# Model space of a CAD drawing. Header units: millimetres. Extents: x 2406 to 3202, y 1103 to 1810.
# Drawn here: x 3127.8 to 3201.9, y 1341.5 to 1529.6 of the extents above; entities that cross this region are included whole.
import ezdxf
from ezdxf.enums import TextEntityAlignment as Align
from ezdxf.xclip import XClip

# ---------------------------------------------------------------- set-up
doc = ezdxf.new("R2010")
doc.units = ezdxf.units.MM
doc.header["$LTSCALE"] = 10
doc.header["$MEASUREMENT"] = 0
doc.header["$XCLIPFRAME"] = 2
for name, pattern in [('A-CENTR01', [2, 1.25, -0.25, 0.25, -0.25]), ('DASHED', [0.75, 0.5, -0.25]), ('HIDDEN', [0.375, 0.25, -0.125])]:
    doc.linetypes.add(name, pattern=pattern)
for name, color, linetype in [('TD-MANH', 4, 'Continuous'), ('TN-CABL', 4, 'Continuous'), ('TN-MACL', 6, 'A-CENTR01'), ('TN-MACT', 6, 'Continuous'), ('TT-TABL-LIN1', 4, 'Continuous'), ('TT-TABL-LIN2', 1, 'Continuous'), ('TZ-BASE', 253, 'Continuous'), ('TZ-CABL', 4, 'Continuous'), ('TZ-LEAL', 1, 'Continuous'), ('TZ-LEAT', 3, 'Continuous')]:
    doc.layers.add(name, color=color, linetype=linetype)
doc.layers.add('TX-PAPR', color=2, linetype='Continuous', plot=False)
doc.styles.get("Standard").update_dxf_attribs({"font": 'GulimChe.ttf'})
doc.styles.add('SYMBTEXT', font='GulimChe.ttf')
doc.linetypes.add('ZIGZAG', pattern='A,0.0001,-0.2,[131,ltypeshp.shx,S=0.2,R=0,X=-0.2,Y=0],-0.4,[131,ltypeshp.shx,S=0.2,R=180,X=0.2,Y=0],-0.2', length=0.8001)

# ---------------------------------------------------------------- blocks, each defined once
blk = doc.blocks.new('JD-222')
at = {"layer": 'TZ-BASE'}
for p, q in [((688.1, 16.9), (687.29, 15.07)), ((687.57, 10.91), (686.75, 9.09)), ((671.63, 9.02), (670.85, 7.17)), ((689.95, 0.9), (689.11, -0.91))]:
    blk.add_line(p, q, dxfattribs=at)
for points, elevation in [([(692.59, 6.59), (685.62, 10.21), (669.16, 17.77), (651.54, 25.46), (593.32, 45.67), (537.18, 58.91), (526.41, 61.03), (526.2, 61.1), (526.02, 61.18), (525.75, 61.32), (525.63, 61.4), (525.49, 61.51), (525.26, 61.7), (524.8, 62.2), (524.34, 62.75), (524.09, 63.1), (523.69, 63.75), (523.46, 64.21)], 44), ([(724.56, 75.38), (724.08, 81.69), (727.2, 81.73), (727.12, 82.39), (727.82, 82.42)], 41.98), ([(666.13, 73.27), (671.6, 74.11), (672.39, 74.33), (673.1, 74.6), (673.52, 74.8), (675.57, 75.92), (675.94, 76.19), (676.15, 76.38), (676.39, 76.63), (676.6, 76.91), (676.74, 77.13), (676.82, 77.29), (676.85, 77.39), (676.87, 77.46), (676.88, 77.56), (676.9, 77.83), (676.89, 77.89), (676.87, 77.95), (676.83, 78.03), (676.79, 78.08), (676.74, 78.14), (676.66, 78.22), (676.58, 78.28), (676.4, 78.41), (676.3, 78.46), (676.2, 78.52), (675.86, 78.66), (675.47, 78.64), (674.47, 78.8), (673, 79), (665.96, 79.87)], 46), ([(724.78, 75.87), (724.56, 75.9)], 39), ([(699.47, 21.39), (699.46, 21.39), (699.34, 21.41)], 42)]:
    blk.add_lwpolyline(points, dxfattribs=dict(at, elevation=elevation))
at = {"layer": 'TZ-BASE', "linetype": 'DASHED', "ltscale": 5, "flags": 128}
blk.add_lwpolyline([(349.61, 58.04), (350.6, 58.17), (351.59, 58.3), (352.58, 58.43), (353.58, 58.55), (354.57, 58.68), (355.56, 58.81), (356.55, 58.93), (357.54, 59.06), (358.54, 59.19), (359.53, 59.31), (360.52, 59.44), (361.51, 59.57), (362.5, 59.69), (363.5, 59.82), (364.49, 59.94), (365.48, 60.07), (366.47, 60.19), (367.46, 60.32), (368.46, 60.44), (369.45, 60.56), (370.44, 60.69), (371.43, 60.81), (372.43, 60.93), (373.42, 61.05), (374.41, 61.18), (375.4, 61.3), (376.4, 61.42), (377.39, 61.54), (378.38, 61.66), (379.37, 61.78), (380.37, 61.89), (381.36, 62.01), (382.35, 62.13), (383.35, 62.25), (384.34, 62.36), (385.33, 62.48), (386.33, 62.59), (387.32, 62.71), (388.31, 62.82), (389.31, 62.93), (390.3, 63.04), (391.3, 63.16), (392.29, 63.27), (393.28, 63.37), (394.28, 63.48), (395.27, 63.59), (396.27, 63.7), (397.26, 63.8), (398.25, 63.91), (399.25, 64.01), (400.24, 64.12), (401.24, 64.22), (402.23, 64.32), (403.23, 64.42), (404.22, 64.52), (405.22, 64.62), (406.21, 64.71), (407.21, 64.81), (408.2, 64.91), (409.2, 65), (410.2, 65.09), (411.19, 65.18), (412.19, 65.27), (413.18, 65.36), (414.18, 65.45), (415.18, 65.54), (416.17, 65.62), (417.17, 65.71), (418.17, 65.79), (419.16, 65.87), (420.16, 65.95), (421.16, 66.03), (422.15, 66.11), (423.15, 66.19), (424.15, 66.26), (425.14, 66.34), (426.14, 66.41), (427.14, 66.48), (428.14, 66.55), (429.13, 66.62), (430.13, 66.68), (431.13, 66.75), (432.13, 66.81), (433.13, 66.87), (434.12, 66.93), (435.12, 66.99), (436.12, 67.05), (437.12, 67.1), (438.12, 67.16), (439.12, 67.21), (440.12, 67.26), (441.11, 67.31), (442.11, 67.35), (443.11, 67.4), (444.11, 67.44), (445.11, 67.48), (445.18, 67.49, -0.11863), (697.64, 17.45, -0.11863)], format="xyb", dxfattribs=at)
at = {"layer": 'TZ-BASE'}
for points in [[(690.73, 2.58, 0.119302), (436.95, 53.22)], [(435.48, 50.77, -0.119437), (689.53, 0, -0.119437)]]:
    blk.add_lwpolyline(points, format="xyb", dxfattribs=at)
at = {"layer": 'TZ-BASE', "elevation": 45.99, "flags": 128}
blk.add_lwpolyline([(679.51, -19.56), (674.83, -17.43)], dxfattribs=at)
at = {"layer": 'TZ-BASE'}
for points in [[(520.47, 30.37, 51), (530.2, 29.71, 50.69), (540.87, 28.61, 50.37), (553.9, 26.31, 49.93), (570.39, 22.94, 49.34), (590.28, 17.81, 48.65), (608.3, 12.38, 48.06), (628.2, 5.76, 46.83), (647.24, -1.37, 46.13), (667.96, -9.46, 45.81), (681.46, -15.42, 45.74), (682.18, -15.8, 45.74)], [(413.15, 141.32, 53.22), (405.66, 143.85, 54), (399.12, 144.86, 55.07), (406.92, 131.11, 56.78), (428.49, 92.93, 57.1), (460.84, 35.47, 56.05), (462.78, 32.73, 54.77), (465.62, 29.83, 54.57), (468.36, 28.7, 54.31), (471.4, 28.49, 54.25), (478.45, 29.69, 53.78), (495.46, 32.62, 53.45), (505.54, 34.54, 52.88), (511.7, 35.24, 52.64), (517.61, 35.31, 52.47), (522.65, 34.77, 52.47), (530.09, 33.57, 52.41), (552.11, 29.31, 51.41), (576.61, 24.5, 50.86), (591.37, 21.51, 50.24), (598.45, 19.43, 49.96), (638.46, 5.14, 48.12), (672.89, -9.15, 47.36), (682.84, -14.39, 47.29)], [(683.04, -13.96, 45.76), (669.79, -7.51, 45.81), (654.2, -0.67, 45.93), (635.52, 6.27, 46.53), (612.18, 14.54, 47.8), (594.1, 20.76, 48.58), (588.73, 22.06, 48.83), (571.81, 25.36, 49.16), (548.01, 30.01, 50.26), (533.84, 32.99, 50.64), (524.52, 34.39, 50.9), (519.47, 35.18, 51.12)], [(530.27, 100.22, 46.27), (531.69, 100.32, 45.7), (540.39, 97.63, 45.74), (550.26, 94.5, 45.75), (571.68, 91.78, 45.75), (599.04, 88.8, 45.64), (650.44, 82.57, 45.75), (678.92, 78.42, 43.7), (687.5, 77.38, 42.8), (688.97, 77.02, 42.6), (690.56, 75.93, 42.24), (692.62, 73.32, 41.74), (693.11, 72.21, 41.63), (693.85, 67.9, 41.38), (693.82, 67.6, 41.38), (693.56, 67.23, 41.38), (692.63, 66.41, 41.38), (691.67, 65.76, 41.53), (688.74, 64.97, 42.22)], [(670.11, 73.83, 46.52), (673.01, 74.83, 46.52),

[TASK ITEM] From the listing, reproduce every line where the word "flags" is present.

[WRITTEN SOLUTION]
at = {"layer": 'TZ-BASE', "linetype": 'DASHED', "ltscale": 5, "flags": 128}
at = {"layer": 'TZ-BASE', "elevation": 45.99, "flags": 128}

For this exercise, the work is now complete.